Хотя Марк и хвалил приемного отца, тот недостаточно хорошо подготовил своего наследника к будущей роли. Марк никогда не выезжал за пределы Рима до восшествия на престол в 161 году и не имел ни военной подготовки, ни опыта службы. Три десятилетия до смены правителя прошли совершенно мирно, но новый император сразу столкнулся с серьезными вторжениями и на Дунайском, и на Персидском фронте. Персы и германские племена перешли в наступление из-за внутренних факторов, но также, возможно, почувствовали, что римская армия несколько ослабела за несколько десятилетий мира, и решили испытать империю на прочность. Вскоре после этого империю охватила эпидемия чумы. Рим столкнулся с самой опасной угрозой за весь II век, но пока она не имела глубоко укорененных структурных элементов, которые стали причиной затяжного кризиса в III веке. Марк не любил военно-походную жизнь, но из чувства долга взял на себя командование европейским фронтом. Значительную часть своего правления он командовал армиями и со временем зарекомендовал себя как компетентный и успешный военачальник, который заслужил верность и уважение своих солдат.
Поскольку Марк не мог находиться одновременно в Европе и Азии, на Персидский фронт он отправил опытного и талантливого полководца Авидия Кассия. Авидий был не только римским аристократом, но и потомком греческой династии Селевкидов, которая правила Персией на протяжении нескольких поколений после смерти Александра Македонского. Он блестяще справился со своей задачей, получил за это щедрые дары и удостоился огромных почестей. После поражения персов он остался верховным главнокомандующим на восточном фронте. В 175 году, когда Марк Аврелий постарел и встал вопрос о престолонаследии, Авидий поднял мятеж и провозгласил себя императором. Многие влиятельные полководцы на востоке поддержали мятеж, хотя в некоторых случаях их решение объяснялось слухами о смерти Марка Аврелия. Учитывая, что Марк Аврелий был одним из самых легитимных и великодушных римских императоров, мятеж Авидия служит ярким свидетельством того, что римская монархия не могла контролировать своих генералов и доверять им. После поражения Авидия к мятежникам отнеслись снисходительно, но Марк Аврелий поспешил назначить наследником Коммода – единственного выжившего сына из 15 детей, которые родились у него в браке с императрицей Фаустиной. Когда в 177 году Коммод стал соправителем Марка Аврелия, ему было всего 15 лет. Через три года он взошел на престол после смерти отца. Впоследствии высказывалось мнение, что единственной серьезной ошибкой Марка Аврелия стал неудачный выбор наследника, но правда в том, что выбирать ему не приходилось. По римскому обычаю власть переходила от отца к сыну. Кроме того, отлучив Коммода от престола, Марк Аврелий, вероятно, подписал бы ему смертный приговор, поскольку живым он представлял огромную угрозу для любого последующего правителя.

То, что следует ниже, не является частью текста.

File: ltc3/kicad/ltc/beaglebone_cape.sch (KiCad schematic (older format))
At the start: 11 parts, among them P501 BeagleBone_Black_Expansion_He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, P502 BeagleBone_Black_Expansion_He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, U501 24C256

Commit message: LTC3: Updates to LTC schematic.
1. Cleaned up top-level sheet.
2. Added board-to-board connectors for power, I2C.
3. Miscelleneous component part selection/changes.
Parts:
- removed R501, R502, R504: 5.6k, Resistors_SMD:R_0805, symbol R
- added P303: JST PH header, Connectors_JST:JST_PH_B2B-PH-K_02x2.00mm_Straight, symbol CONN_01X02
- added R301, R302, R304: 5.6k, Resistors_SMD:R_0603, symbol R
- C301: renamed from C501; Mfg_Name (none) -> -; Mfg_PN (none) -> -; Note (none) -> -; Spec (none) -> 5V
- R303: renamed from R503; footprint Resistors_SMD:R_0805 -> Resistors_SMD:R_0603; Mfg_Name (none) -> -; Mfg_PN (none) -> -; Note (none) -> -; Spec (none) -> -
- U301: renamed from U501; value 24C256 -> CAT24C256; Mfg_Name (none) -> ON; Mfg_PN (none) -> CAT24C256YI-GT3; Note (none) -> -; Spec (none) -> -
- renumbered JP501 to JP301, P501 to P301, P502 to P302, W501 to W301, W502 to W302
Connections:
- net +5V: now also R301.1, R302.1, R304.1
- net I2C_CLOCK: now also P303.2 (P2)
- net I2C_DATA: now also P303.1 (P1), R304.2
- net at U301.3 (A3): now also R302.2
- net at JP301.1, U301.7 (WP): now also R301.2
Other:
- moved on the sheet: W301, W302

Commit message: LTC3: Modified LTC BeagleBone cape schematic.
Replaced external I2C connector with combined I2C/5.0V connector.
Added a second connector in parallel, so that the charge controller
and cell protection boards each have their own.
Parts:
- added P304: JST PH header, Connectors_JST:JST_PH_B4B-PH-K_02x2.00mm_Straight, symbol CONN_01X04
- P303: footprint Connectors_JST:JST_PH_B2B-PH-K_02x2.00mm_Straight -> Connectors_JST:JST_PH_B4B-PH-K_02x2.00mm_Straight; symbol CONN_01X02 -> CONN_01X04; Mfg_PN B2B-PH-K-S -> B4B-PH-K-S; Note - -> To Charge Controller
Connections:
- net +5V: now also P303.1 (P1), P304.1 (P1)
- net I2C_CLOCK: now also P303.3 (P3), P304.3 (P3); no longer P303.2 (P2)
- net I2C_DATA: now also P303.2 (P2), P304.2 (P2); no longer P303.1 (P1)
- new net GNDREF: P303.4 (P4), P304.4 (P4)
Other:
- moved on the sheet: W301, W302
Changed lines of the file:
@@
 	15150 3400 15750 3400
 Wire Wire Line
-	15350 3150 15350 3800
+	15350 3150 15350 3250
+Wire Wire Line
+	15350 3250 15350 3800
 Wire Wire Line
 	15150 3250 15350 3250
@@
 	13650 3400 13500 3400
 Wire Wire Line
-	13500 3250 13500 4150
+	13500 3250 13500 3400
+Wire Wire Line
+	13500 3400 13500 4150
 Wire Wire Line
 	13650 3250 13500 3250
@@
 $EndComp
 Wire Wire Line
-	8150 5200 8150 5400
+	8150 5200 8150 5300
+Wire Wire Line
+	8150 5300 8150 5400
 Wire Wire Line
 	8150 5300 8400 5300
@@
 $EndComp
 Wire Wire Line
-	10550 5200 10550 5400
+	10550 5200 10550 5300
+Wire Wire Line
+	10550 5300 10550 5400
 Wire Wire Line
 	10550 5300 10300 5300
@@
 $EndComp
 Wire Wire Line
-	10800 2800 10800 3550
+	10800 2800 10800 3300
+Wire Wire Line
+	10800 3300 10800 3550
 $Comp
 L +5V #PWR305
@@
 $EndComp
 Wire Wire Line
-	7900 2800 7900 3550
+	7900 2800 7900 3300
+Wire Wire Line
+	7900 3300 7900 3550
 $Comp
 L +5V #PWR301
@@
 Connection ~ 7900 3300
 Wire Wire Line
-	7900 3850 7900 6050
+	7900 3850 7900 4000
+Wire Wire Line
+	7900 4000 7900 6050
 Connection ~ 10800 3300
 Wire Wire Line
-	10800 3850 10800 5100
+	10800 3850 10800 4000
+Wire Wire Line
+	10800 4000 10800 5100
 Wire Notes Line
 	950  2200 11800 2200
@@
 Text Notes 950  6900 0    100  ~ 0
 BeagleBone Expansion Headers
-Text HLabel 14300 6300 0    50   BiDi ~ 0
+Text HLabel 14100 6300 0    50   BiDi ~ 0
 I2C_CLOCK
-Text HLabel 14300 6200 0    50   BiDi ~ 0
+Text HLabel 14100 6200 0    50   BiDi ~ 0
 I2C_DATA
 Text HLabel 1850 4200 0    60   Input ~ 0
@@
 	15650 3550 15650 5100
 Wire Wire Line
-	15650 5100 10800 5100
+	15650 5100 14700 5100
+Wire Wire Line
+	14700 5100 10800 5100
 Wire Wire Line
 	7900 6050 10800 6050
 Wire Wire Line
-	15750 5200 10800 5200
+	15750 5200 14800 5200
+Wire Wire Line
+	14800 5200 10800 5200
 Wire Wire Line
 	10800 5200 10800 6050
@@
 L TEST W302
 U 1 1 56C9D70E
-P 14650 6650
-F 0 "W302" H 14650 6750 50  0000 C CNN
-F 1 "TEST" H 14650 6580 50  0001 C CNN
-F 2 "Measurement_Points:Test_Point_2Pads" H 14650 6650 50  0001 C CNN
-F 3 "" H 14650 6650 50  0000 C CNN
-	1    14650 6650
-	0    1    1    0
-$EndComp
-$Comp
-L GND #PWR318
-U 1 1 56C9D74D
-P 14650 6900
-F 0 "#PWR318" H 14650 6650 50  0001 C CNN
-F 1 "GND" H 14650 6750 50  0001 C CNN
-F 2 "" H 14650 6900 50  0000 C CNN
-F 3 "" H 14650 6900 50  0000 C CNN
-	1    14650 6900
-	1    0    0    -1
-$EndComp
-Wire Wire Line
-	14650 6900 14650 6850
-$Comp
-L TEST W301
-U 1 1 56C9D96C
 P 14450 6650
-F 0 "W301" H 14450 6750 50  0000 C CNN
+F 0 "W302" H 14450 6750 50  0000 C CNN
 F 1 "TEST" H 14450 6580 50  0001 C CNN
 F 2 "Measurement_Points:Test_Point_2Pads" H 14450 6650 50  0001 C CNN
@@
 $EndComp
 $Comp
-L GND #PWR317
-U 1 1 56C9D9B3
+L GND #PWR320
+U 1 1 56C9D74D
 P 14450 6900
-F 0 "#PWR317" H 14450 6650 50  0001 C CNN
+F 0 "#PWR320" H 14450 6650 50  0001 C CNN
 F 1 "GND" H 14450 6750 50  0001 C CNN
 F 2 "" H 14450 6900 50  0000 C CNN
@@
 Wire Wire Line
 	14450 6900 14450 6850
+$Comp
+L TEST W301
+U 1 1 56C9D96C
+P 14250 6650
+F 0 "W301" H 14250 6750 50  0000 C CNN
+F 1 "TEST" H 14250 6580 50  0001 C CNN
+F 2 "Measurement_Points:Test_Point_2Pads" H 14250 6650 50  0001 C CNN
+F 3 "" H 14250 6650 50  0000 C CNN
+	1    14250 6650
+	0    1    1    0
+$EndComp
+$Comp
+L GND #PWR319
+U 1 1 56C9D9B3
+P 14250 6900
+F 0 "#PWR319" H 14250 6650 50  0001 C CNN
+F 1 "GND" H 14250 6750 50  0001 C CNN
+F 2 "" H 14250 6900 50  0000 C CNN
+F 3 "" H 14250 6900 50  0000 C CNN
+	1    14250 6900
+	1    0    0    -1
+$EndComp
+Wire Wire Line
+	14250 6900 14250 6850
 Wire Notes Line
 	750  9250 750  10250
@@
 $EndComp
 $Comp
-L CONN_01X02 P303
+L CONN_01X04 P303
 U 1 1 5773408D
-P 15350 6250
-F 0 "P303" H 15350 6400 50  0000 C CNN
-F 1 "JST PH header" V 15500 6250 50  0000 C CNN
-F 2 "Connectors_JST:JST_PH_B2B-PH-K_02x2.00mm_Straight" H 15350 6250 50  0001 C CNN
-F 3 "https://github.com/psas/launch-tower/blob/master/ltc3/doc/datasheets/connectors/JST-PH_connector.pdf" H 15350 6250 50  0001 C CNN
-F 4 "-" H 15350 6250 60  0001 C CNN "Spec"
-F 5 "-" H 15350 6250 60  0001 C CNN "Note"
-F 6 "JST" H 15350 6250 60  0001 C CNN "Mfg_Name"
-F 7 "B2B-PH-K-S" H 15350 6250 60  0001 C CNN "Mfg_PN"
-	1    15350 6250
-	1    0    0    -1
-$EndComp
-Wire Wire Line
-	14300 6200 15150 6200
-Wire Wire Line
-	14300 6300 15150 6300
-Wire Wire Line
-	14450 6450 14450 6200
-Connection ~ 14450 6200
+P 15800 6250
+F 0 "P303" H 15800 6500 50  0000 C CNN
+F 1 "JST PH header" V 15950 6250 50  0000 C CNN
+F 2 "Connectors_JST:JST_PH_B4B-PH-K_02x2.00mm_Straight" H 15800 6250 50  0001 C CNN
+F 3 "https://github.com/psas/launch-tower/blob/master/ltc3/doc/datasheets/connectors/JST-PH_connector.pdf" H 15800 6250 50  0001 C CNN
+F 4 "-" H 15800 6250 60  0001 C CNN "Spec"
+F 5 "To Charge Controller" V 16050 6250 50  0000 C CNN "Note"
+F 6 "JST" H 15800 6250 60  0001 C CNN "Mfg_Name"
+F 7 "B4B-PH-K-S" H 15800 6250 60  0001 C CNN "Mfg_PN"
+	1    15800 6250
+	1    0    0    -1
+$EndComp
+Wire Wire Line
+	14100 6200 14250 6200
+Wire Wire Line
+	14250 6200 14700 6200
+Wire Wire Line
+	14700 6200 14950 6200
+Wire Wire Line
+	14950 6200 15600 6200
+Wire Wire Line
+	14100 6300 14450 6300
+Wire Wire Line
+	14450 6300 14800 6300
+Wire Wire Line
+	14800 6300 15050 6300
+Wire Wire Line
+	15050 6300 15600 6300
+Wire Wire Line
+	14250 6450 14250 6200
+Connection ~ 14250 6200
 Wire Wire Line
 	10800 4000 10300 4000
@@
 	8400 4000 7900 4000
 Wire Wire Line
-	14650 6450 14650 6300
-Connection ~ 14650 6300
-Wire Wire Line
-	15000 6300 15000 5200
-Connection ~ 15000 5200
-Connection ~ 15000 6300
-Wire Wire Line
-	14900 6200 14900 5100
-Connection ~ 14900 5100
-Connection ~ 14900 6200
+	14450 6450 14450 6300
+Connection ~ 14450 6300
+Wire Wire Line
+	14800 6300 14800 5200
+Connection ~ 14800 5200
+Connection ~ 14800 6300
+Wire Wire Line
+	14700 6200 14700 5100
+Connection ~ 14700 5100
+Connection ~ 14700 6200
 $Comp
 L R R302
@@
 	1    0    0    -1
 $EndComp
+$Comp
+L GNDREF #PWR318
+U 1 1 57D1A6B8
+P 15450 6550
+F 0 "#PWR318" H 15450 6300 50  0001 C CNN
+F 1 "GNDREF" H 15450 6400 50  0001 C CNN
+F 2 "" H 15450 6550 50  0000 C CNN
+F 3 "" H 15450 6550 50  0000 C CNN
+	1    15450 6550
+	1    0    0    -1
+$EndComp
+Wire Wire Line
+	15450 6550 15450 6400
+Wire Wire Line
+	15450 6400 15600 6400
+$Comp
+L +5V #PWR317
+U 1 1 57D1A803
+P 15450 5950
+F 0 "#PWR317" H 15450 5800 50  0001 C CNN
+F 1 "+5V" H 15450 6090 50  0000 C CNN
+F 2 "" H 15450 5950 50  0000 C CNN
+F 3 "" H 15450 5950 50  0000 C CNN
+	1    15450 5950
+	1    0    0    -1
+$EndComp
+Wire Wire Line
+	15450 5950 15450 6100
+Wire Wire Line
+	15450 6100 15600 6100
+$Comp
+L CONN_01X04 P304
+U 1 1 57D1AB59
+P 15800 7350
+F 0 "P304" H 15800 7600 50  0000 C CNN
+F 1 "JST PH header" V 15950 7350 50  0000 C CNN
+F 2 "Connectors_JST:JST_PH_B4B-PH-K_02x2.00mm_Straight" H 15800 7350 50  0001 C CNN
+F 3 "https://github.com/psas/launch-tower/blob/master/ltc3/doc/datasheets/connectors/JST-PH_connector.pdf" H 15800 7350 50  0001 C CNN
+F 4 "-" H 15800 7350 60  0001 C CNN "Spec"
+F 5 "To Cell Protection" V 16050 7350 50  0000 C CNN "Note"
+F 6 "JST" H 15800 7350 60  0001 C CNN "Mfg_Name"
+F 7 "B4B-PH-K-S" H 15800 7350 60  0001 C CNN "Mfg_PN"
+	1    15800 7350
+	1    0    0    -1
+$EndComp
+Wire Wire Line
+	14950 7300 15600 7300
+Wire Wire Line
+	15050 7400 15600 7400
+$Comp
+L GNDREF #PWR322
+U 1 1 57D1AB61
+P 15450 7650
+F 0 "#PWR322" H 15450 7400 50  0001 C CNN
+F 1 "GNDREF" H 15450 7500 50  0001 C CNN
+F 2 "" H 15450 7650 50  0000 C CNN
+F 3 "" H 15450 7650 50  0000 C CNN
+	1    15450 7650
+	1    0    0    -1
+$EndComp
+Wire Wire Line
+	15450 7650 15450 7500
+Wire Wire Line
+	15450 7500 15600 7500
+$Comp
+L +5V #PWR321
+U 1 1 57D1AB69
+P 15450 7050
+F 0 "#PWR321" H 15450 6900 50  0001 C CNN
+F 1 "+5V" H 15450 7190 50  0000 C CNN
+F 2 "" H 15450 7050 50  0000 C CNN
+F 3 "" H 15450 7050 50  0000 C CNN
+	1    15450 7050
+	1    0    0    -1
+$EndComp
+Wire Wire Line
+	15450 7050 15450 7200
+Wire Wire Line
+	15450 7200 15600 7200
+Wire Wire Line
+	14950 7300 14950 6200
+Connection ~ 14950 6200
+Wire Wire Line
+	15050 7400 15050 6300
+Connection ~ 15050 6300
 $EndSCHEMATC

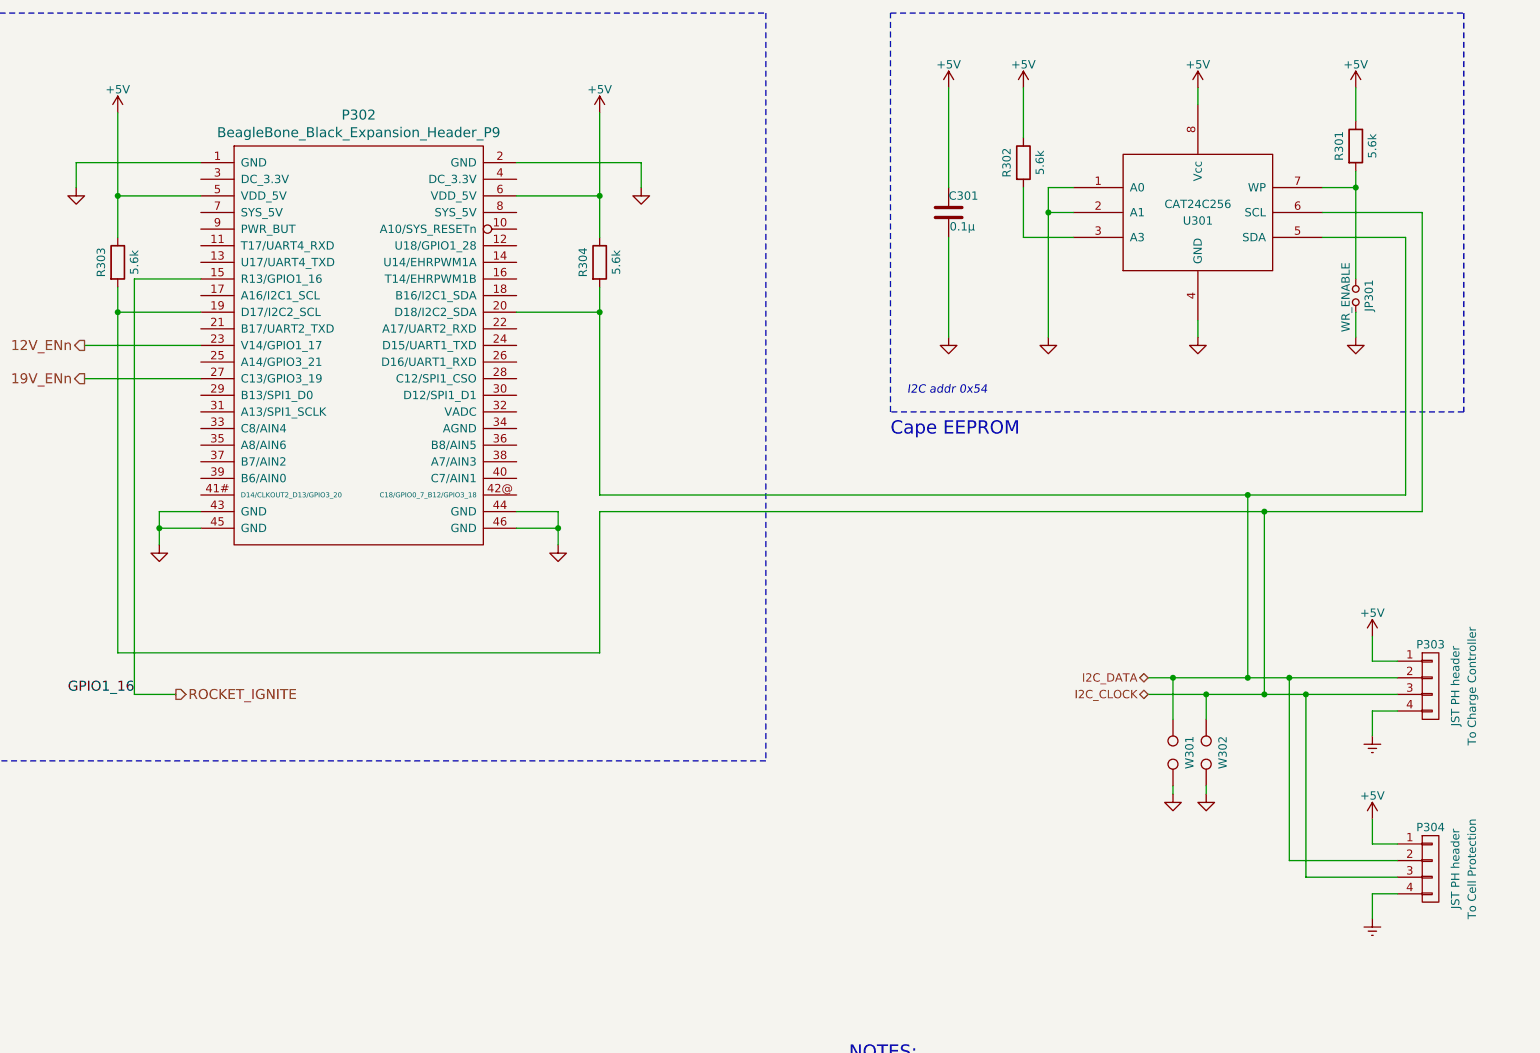
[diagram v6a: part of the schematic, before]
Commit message: LTC3: Modified LTC BeagleBone cape schematic.
Changed GNDREF symbols on external low-voltage/I2C connectors to
primary ground.  Only the charge controller and cell protection boards
need a separate low-voltage ground node.
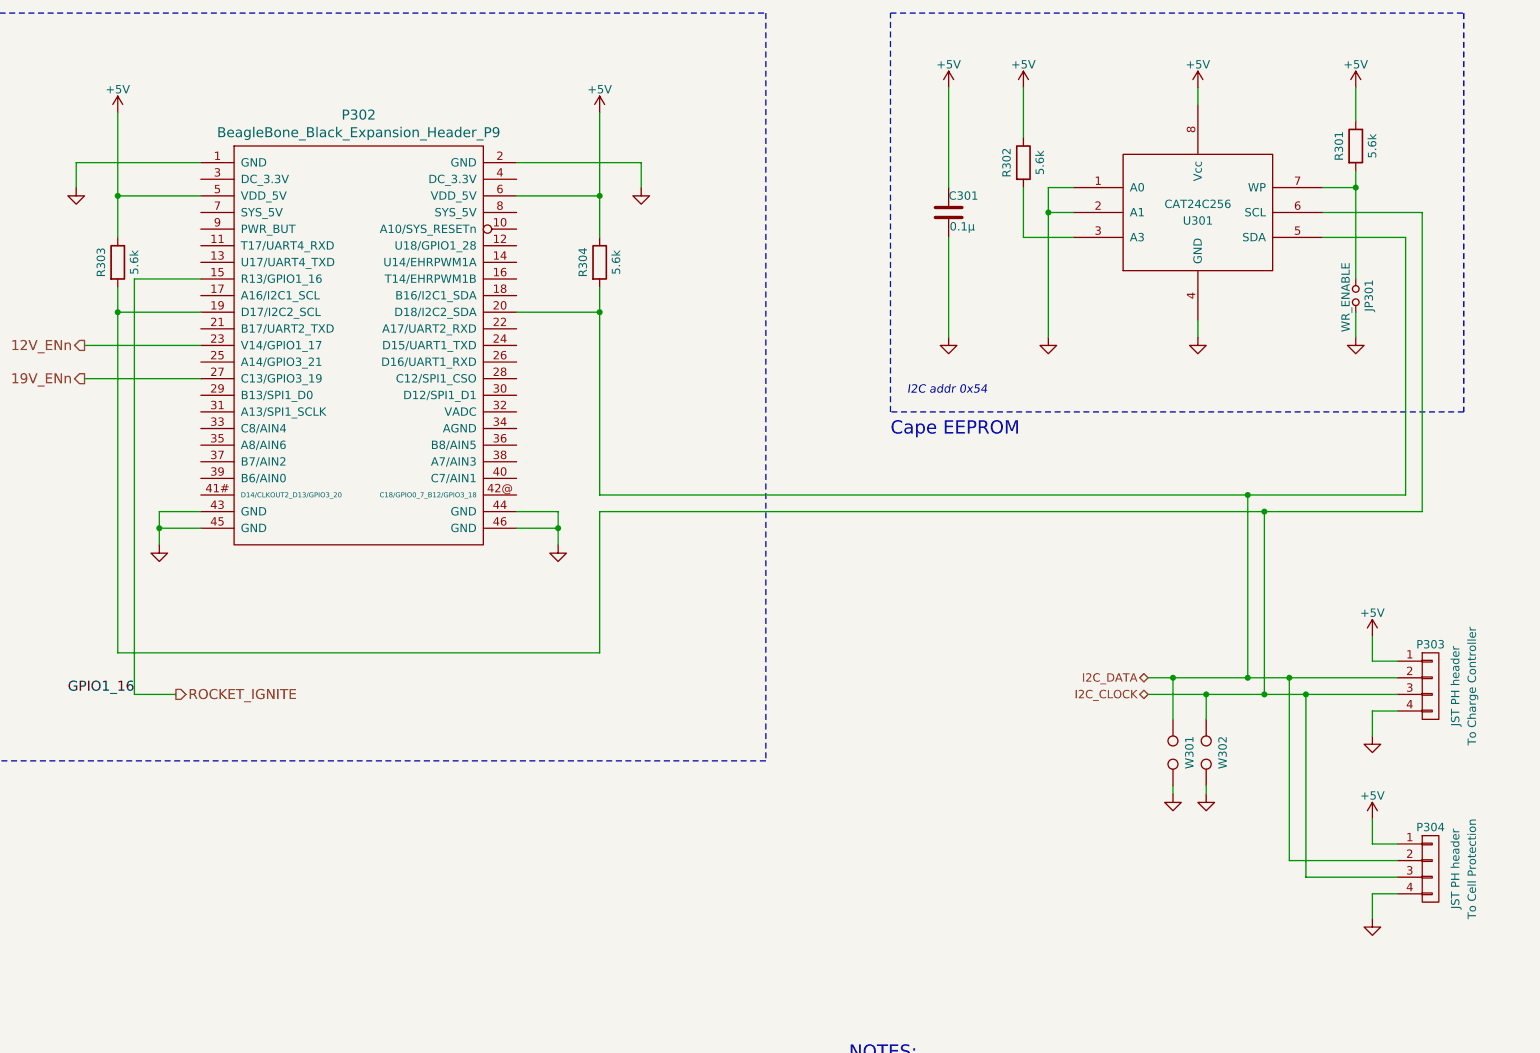
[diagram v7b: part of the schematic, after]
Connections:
- net GNDREF is gone; now on net GND: P303.4 (P4), P304.4 (P4)
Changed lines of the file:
@@
 EXT_PWR_EN_4
-$Comp
-L GND #PWR313
-U 1 1 557C941A
-P 14400 4150
-F 0 "#PWR313" H 14400 3900 50  0001 C CNN
-F 1 "GND" H 14400 4000 50  0001 C CNN
-F 2 "" H 14400 4150 60  0000 C CNN
-F 3 "" H 14400 4150 60  0000 C CNN
-	1    14400 4150
-	1    0    0    -1
-$EndComp
 $Comp
 L Jumper_NO_Small JP301
@@
 	0    1    1    0
 $EndComp
-$Comp
-L GND #PWR314
-U 1 1 557CCCE2
-P 15350 4150
-F 0 "#PWR314" H 15350 3900 50  0001 C CNN
-F 1 "GND" H 15350 4000 50  0001 C CNN
-F 2 "" H 15350 4150 60  0000 C CNN
-F 3 "" H 15350 4150 60  0000 C CNN
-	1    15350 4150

Марк Аврелий считал философию гораздо более благородным призванием, чем управление государством: “Александр, Гай, Помпей, – писал он, – что они рядом с Диогеном, Гераклитом, Сократом? Эти видели вещи, их причины и вещество, и ведущее их оставалось самим собой; а там сколько прозорливости, столько же и рабства”. Император сожалел, что положение не позволяло ему уединиться “в глуши, у берега моря, в горах” и выделить время на чтение и размышления. Ему претило стремление правителей к блеску и славе, и он насмехался над людьми, которые мечтали обессмертить себя для потомков. Он полагал, что слава пуста и преходяща. Истинное удовлетворение ему приносило познание самого себя и своего разума. Обычно Марка Аврелия причисляют к стоикам – философской школе, которая зародилась в Греции, но оказала огромное влияние на римские элиты. Главный постулат стоиков заключался в том, что люди – рациональные и социальные существа. По природе своей они ставят логику во главу угла и проявляют великодушие по отношению к окружающим. Римские стоики главным образом воспринимали стоицизм как этическую систему и кодекс государственной службы. По сути, стоики верили во всеобщее единение человечества, однако, в отличие от более поздних христианских римских императоров и церковников, они не считали свою империю политическим фасадом всемирного человеческого сообщества.